Top of Records

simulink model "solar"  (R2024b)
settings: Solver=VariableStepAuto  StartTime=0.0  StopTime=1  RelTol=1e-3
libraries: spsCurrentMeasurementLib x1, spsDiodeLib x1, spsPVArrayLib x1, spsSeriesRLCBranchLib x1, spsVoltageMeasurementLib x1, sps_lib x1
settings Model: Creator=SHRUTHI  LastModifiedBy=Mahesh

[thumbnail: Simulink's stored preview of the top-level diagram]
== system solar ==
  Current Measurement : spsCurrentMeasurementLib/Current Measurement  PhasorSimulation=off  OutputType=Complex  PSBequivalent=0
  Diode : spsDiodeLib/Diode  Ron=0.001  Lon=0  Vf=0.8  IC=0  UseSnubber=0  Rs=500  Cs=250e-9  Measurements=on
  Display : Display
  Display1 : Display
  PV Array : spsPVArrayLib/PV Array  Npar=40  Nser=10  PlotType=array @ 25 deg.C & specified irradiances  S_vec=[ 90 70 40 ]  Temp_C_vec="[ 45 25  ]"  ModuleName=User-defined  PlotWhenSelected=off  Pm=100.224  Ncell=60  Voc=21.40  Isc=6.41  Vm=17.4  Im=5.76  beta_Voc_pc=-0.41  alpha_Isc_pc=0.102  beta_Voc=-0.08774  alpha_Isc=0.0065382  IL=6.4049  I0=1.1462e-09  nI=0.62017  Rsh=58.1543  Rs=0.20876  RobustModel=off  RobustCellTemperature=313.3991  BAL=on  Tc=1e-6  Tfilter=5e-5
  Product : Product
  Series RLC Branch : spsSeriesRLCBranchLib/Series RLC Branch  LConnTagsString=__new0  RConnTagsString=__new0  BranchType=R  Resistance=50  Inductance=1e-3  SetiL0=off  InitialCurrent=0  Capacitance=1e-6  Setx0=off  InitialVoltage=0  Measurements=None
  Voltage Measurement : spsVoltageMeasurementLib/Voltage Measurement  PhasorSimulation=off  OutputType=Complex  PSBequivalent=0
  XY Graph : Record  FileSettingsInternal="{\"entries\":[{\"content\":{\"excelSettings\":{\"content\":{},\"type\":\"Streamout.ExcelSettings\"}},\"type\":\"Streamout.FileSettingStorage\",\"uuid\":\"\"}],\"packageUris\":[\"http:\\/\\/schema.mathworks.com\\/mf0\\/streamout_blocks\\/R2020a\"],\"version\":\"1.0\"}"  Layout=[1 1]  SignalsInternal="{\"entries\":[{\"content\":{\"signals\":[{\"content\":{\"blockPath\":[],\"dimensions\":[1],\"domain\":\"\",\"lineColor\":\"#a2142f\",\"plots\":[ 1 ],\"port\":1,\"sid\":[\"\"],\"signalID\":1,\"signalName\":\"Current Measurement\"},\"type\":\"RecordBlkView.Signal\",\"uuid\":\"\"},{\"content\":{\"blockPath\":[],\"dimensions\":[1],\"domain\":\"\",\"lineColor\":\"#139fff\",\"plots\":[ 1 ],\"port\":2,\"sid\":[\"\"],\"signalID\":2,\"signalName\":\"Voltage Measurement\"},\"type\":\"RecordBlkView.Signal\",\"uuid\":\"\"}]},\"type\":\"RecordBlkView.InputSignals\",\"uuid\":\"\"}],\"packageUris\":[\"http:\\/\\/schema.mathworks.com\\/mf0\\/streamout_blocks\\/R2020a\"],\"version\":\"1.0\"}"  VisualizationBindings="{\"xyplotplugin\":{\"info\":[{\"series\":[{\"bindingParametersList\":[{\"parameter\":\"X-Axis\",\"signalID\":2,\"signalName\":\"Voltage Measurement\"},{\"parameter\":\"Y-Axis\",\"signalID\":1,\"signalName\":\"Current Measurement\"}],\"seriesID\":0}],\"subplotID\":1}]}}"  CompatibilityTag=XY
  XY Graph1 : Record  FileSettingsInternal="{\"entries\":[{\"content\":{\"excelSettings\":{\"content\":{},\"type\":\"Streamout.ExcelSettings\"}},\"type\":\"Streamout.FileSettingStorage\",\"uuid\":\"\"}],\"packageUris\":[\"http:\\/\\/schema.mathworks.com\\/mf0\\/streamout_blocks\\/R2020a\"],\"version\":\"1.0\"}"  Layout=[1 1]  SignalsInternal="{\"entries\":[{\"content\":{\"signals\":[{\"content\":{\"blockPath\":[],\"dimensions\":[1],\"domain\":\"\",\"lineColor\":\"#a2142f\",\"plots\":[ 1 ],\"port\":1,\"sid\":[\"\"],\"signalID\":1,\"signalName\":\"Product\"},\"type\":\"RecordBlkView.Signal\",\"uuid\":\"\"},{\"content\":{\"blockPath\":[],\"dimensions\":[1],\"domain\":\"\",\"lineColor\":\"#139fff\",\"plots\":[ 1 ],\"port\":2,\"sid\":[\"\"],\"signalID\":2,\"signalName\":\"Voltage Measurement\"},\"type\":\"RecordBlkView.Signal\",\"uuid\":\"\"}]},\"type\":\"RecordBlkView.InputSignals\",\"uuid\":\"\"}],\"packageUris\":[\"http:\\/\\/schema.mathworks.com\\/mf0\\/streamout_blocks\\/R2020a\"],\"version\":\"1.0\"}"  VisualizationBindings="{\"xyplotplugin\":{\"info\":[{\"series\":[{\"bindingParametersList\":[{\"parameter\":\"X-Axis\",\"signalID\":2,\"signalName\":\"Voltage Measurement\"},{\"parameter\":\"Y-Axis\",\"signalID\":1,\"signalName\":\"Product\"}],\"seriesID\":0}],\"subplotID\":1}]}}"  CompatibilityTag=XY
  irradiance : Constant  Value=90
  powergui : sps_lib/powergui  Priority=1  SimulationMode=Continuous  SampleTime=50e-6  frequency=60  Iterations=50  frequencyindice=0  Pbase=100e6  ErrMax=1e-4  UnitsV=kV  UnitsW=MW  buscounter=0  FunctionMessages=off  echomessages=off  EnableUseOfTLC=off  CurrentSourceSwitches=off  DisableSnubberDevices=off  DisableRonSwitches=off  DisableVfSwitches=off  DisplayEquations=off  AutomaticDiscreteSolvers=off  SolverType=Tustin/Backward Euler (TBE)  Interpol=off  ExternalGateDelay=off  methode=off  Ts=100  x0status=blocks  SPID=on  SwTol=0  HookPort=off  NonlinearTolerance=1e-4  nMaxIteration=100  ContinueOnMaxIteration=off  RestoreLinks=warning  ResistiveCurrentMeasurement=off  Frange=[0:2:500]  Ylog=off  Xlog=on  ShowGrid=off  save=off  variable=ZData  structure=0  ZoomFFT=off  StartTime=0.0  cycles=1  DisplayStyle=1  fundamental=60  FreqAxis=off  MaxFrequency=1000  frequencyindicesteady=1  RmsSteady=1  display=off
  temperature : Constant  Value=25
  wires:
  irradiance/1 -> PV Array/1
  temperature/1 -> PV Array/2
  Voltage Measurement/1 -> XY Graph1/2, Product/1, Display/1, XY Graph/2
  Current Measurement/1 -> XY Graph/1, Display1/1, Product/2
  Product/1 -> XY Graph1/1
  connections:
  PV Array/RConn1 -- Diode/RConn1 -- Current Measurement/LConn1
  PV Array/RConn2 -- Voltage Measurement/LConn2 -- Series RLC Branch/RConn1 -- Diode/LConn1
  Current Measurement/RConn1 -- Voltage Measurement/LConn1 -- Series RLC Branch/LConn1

Bottom of Records

• [What the task asks]:
Everything in the material above from the line that has "Display : Display" through the line that has "Voltage Measurement : spsVoltageMeasurementLib/Voltage" must be duplicated exactly, with no other lines given.

• [Written solution]:
  Display : Display
  Display1 : Display
  PV Array : spsPVArrayLib/PV Array  Npar=40  Nser=10  PlotType=array @ 25 deg.C & specified irradiances  S_vec=[ 90 70 40 ]  Temp_C_vec="[ 45 25  ]"  ModuleName=User-defined  PlotWhenSelected=off  Pm=100.224  Ncell=60  Voc=21.40  Isc=6.41  Vm=17.4  Im=5.76  beta_Voc_pc=-0.41  alpha_Isc_pc=0.102  beta_Voc=-0.08774  alpha_Isc=0.0065382  IL=6.4049  I0=1.1462e-09  nI=0.62017  Rsh=58.1543  Rs=0.20876  RobustModel=off  RobustCellTemperature=313.3991  BAL=on  Tc=1e-6  Tfilter=5e-5
  Product : Product
  Series RLC Branch : spsSeriesRLCBranchLib/Series RLC Branch  LConnTagsString=__new0  RConnTagsString=__new0  BranchType=R  Resistance=50  Inductance=1e-3  SetiL0=off  InitialCurrent=0  Capacitance=1e-6  Setx0=off  InitialVoltage=0  Measurements=None
  Voltage Measurement : spsVoltageMeasurementLib/Voltage Measurement  PhasorSimulation=off  OutputType=Complex  PSBequivalent=0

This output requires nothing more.